[Records from a data collection]

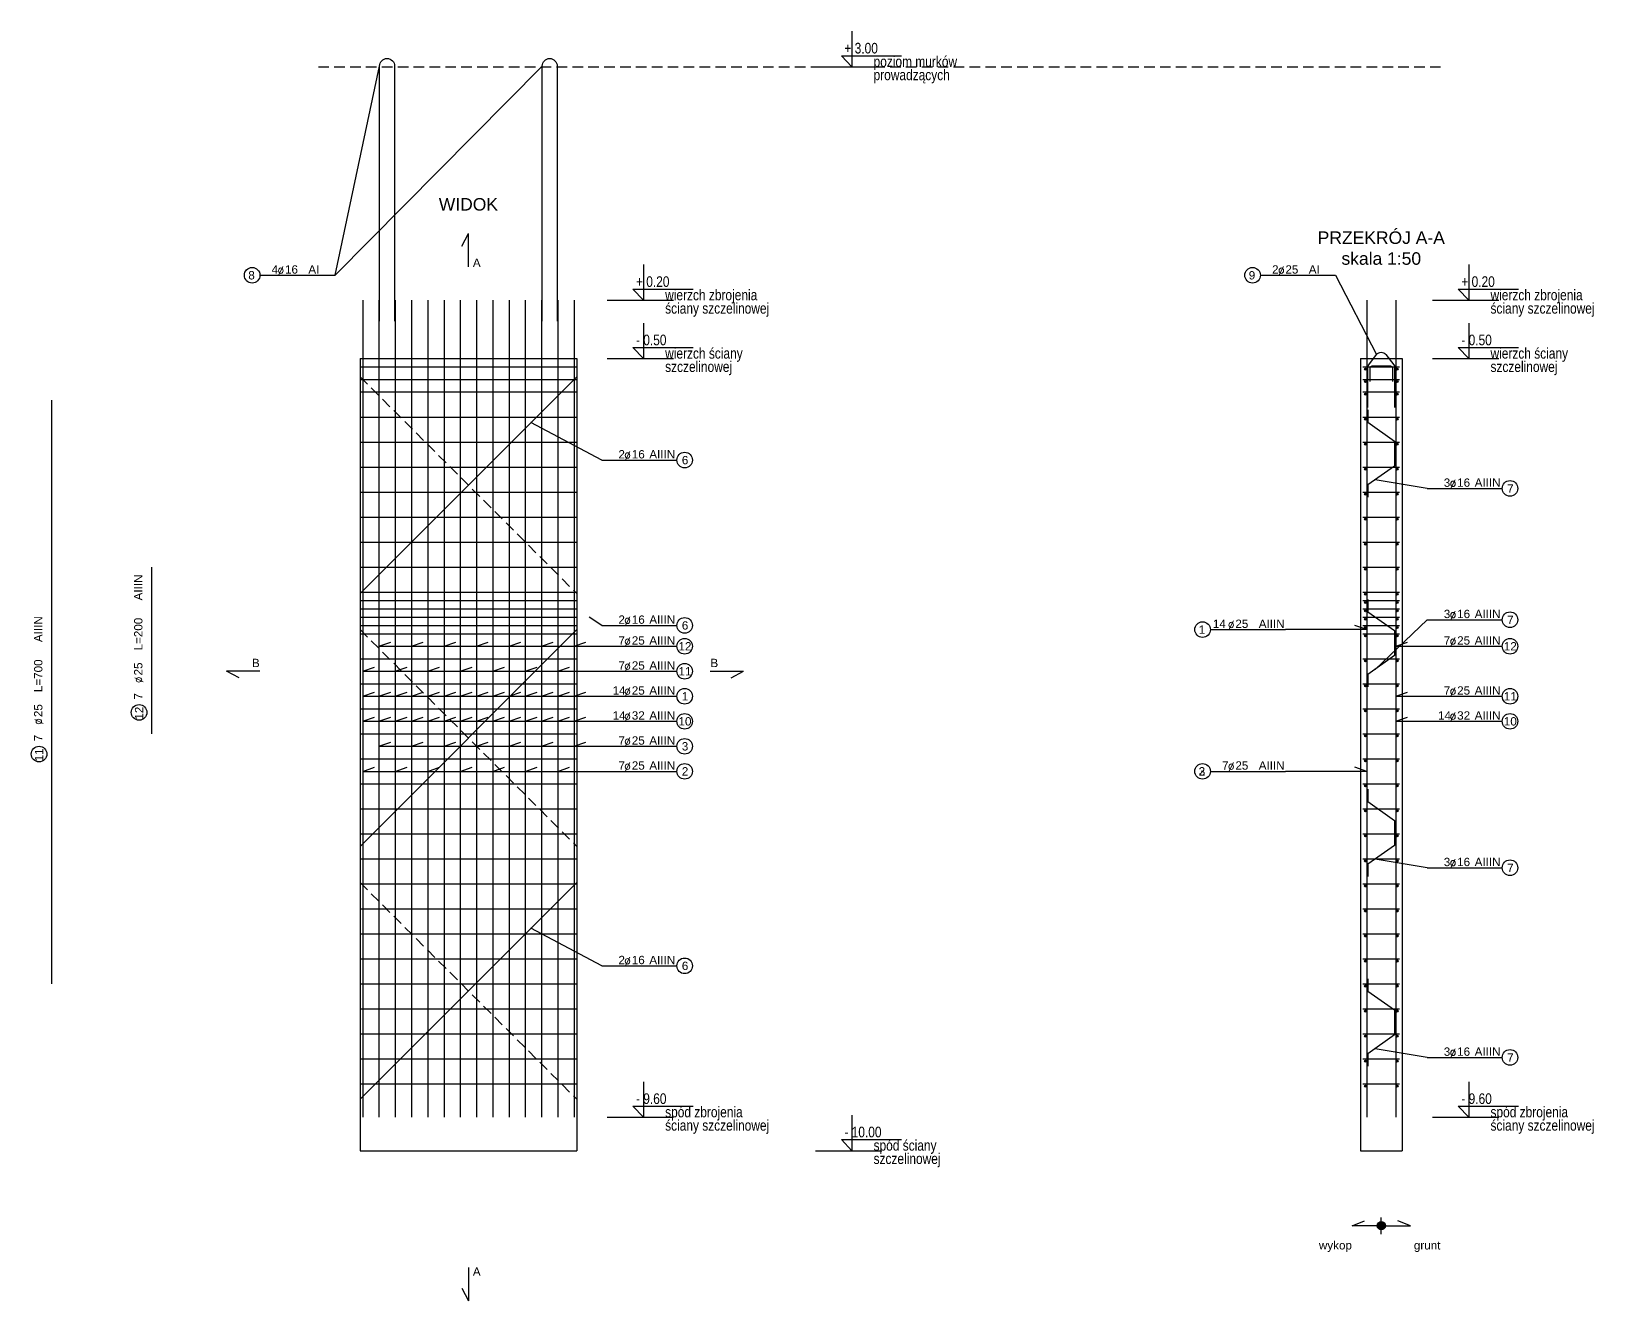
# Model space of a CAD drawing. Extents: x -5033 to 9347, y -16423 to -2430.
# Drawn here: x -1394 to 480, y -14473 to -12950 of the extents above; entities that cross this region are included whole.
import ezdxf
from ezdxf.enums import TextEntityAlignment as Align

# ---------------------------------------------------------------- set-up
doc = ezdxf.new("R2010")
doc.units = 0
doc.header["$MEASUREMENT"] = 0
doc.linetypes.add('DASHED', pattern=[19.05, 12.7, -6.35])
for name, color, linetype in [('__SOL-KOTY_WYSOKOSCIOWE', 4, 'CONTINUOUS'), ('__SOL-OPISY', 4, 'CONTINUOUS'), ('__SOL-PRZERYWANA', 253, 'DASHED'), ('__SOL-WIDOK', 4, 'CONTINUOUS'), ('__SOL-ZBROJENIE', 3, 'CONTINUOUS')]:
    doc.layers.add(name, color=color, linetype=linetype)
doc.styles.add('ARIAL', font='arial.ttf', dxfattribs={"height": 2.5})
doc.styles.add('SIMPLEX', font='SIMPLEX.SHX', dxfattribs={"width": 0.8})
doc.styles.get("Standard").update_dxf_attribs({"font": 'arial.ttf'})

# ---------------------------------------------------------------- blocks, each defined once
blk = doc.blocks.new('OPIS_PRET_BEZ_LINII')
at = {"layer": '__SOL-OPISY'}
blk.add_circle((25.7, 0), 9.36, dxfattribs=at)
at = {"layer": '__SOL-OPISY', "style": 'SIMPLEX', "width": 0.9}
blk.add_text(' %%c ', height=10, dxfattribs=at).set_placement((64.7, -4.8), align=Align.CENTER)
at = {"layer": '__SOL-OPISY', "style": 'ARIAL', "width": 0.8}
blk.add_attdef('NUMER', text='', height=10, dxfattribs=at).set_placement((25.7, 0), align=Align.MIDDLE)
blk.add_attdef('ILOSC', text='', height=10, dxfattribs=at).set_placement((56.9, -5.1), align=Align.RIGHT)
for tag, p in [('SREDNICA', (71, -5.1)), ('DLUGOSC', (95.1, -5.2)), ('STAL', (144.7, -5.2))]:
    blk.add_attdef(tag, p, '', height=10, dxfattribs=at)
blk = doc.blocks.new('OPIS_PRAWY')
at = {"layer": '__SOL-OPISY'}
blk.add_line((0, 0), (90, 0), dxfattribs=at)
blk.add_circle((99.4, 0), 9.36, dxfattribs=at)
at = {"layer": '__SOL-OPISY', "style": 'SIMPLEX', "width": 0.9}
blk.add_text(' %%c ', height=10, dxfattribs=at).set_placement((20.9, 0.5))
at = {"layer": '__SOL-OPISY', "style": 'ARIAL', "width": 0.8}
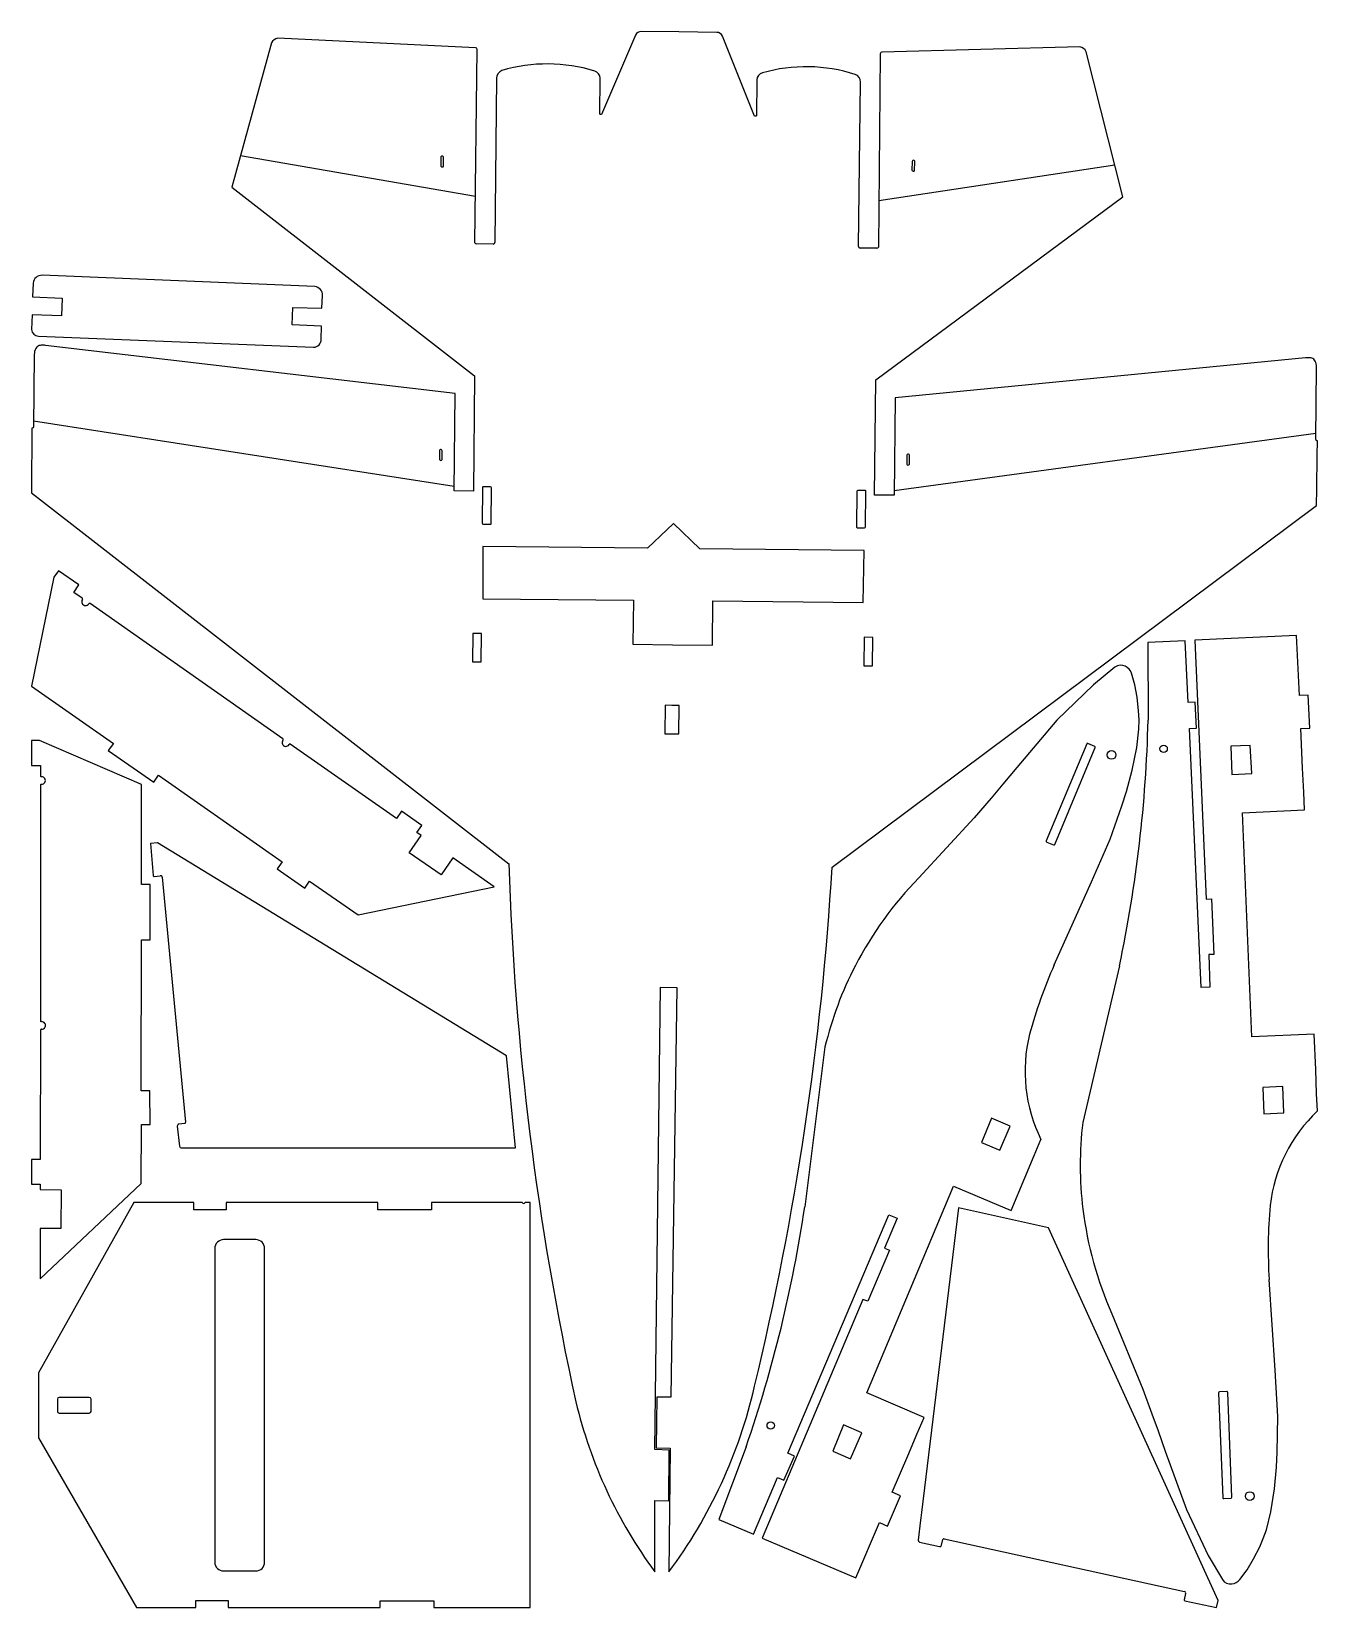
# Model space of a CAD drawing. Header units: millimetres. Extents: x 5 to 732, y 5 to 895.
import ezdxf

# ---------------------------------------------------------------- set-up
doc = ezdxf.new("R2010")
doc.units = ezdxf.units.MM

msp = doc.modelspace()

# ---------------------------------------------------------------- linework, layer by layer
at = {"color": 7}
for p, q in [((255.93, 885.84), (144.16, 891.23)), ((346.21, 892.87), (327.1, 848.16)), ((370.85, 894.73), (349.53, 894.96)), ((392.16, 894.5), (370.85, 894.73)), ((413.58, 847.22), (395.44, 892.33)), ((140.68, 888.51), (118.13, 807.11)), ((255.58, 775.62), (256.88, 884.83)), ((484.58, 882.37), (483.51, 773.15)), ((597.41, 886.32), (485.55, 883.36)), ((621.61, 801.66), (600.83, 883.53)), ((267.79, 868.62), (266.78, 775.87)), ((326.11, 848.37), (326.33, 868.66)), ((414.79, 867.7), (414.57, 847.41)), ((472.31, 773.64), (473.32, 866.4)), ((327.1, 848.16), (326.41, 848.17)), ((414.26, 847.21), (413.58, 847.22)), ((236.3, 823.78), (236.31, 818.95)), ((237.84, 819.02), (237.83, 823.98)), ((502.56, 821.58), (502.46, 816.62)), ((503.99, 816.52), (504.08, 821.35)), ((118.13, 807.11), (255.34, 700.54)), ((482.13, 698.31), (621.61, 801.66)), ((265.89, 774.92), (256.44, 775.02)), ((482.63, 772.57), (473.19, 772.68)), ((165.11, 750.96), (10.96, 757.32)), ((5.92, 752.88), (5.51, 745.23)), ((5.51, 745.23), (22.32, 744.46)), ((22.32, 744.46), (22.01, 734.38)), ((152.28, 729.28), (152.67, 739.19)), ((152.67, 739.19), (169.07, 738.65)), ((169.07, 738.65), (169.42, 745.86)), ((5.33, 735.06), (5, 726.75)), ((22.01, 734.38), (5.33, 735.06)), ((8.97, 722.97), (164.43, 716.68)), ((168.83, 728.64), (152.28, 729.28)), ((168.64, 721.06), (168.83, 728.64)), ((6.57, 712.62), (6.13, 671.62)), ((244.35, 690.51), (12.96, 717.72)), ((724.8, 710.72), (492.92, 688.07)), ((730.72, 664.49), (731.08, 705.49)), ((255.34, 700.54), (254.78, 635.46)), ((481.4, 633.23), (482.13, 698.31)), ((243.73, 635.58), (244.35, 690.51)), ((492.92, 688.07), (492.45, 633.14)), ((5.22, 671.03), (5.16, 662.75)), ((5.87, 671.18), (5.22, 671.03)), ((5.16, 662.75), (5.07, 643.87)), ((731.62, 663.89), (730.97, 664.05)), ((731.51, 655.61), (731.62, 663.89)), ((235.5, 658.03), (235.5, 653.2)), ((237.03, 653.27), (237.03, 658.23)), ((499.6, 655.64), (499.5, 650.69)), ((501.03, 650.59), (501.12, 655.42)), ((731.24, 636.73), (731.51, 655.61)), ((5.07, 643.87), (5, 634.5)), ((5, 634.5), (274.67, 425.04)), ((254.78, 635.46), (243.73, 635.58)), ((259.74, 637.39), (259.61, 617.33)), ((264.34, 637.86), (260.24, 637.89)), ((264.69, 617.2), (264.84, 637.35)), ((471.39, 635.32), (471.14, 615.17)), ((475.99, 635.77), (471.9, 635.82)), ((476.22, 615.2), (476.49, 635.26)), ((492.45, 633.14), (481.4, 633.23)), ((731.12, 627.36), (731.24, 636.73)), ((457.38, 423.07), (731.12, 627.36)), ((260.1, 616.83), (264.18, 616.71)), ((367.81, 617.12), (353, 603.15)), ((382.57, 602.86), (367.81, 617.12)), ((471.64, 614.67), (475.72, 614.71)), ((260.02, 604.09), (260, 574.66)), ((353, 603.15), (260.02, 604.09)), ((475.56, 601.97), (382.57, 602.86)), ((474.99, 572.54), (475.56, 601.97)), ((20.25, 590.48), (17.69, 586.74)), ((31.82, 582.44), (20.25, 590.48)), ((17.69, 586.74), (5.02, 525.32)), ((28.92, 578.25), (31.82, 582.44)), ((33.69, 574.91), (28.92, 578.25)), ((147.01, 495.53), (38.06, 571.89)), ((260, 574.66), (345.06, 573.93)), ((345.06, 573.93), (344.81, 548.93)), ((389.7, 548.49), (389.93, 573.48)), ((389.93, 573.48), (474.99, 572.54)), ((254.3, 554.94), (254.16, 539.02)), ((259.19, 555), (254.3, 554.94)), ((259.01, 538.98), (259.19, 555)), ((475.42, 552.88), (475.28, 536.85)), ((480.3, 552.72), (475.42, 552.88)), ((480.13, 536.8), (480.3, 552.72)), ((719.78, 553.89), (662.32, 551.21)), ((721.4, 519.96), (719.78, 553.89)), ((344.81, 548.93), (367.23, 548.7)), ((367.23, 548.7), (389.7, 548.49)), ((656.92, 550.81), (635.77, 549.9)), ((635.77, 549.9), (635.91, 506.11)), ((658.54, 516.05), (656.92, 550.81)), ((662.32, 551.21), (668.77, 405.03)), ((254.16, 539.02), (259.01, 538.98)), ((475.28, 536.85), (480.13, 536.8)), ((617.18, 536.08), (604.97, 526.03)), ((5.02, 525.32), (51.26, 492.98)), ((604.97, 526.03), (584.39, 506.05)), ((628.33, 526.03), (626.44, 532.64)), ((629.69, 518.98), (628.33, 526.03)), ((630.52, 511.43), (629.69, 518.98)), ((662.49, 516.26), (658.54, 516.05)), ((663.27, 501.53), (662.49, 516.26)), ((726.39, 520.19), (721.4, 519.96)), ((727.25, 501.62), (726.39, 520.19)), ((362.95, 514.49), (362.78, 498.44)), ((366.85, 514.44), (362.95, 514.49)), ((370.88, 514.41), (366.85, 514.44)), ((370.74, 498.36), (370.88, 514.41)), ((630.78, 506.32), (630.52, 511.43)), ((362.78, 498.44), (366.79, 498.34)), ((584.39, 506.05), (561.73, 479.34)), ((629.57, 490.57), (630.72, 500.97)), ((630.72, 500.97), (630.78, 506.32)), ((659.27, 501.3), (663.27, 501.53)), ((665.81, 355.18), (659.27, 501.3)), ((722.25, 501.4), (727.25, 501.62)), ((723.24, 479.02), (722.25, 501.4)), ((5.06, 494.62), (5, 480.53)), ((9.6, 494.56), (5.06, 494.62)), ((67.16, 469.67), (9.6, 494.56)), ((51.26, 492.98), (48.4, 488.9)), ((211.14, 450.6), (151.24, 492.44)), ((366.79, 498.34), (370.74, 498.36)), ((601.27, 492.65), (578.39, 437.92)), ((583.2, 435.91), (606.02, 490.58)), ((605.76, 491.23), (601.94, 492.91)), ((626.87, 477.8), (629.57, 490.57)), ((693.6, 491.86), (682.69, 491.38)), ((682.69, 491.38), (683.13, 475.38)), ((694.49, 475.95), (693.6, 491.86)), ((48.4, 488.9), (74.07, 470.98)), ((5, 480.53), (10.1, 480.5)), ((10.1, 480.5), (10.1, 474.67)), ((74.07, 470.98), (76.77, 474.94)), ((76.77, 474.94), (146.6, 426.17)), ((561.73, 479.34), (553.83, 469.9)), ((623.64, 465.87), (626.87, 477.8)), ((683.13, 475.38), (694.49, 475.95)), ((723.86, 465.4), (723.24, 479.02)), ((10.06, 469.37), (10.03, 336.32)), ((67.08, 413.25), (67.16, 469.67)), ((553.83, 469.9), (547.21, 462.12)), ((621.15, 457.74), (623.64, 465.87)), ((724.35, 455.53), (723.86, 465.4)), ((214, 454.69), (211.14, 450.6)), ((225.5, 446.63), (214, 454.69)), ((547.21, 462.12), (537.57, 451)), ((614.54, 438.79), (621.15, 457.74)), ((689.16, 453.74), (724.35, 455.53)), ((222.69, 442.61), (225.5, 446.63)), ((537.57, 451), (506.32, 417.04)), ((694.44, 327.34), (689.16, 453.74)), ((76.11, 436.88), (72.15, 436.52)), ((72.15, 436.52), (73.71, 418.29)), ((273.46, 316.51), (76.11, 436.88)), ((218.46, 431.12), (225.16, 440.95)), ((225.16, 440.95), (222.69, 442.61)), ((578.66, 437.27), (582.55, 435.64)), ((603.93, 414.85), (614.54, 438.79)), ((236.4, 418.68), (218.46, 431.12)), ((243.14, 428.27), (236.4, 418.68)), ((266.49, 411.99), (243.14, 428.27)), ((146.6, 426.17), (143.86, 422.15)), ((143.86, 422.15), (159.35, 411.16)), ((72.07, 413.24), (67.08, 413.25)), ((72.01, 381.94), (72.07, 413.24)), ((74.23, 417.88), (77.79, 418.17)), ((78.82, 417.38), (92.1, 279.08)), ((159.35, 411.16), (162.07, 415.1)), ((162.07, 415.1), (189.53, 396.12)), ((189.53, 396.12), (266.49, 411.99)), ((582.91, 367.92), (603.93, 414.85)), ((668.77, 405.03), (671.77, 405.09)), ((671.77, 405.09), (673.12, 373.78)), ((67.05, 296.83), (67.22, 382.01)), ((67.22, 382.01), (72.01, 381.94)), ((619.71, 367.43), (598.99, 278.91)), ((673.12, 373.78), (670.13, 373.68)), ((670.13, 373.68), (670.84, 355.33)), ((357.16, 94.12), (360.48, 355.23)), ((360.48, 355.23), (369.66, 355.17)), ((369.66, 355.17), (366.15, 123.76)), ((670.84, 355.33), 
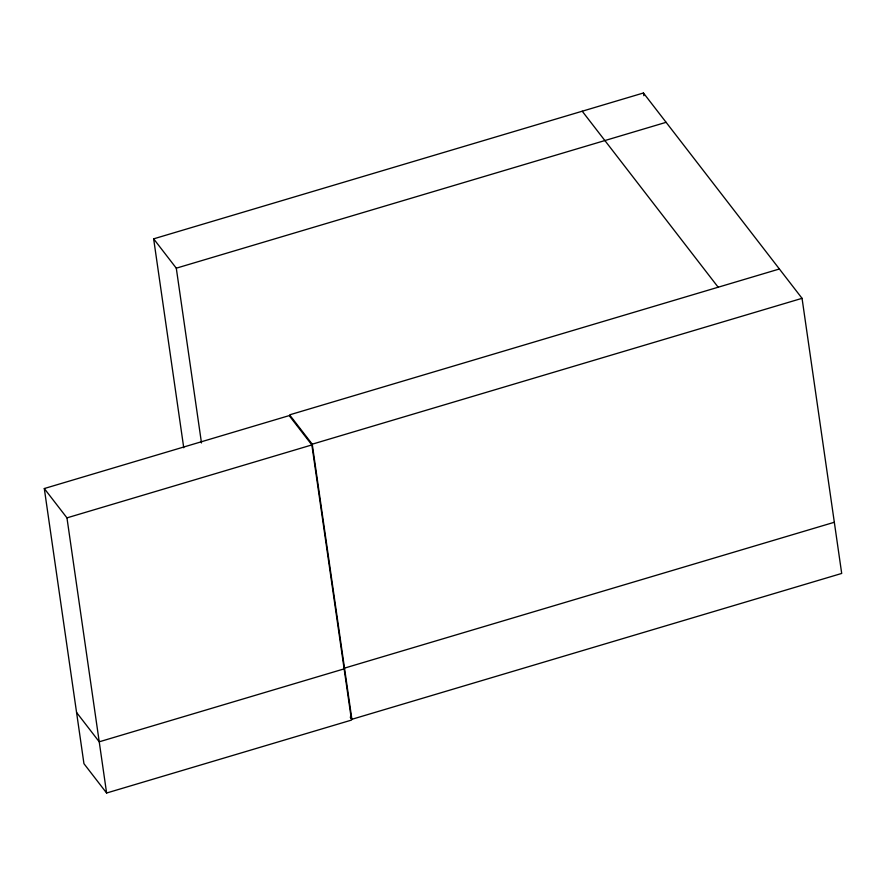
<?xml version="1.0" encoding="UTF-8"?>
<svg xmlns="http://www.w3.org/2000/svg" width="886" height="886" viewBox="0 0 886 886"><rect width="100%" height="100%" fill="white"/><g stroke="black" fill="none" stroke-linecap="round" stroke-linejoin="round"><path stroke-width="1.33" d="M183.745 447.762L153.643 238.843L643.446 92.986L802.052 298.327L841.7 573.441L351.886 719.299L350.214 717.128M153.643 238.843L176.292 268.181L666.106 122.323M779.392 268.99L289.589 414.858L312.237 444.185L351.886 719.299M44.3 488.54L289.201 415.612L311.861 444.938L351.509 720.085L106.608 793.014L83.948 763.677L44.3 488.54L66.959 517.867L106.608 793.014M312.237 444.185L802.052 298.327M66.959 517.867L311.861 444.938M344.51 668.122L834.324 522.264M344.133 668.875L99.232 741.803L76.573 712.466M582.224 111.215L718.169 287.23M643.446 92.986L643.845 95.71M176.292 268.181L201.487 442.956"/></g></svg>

> **WHAT THE EXERCISE ASKS**
Considering only the data above, return the lines in which "font" occurs.

> **RESULT FOR THIS EXERCISE**
doc.styles.add('ARIAL', font='arial.ttf', dxfattribs={"height": 2.5})
doc.styles.add('SIMPLEX', font='SIMPLEX.SHX', dxfattribs={"width": 0.8})
doc.styles.get("Standard").update_dxf_attribs({"font": 'arial.ttf'})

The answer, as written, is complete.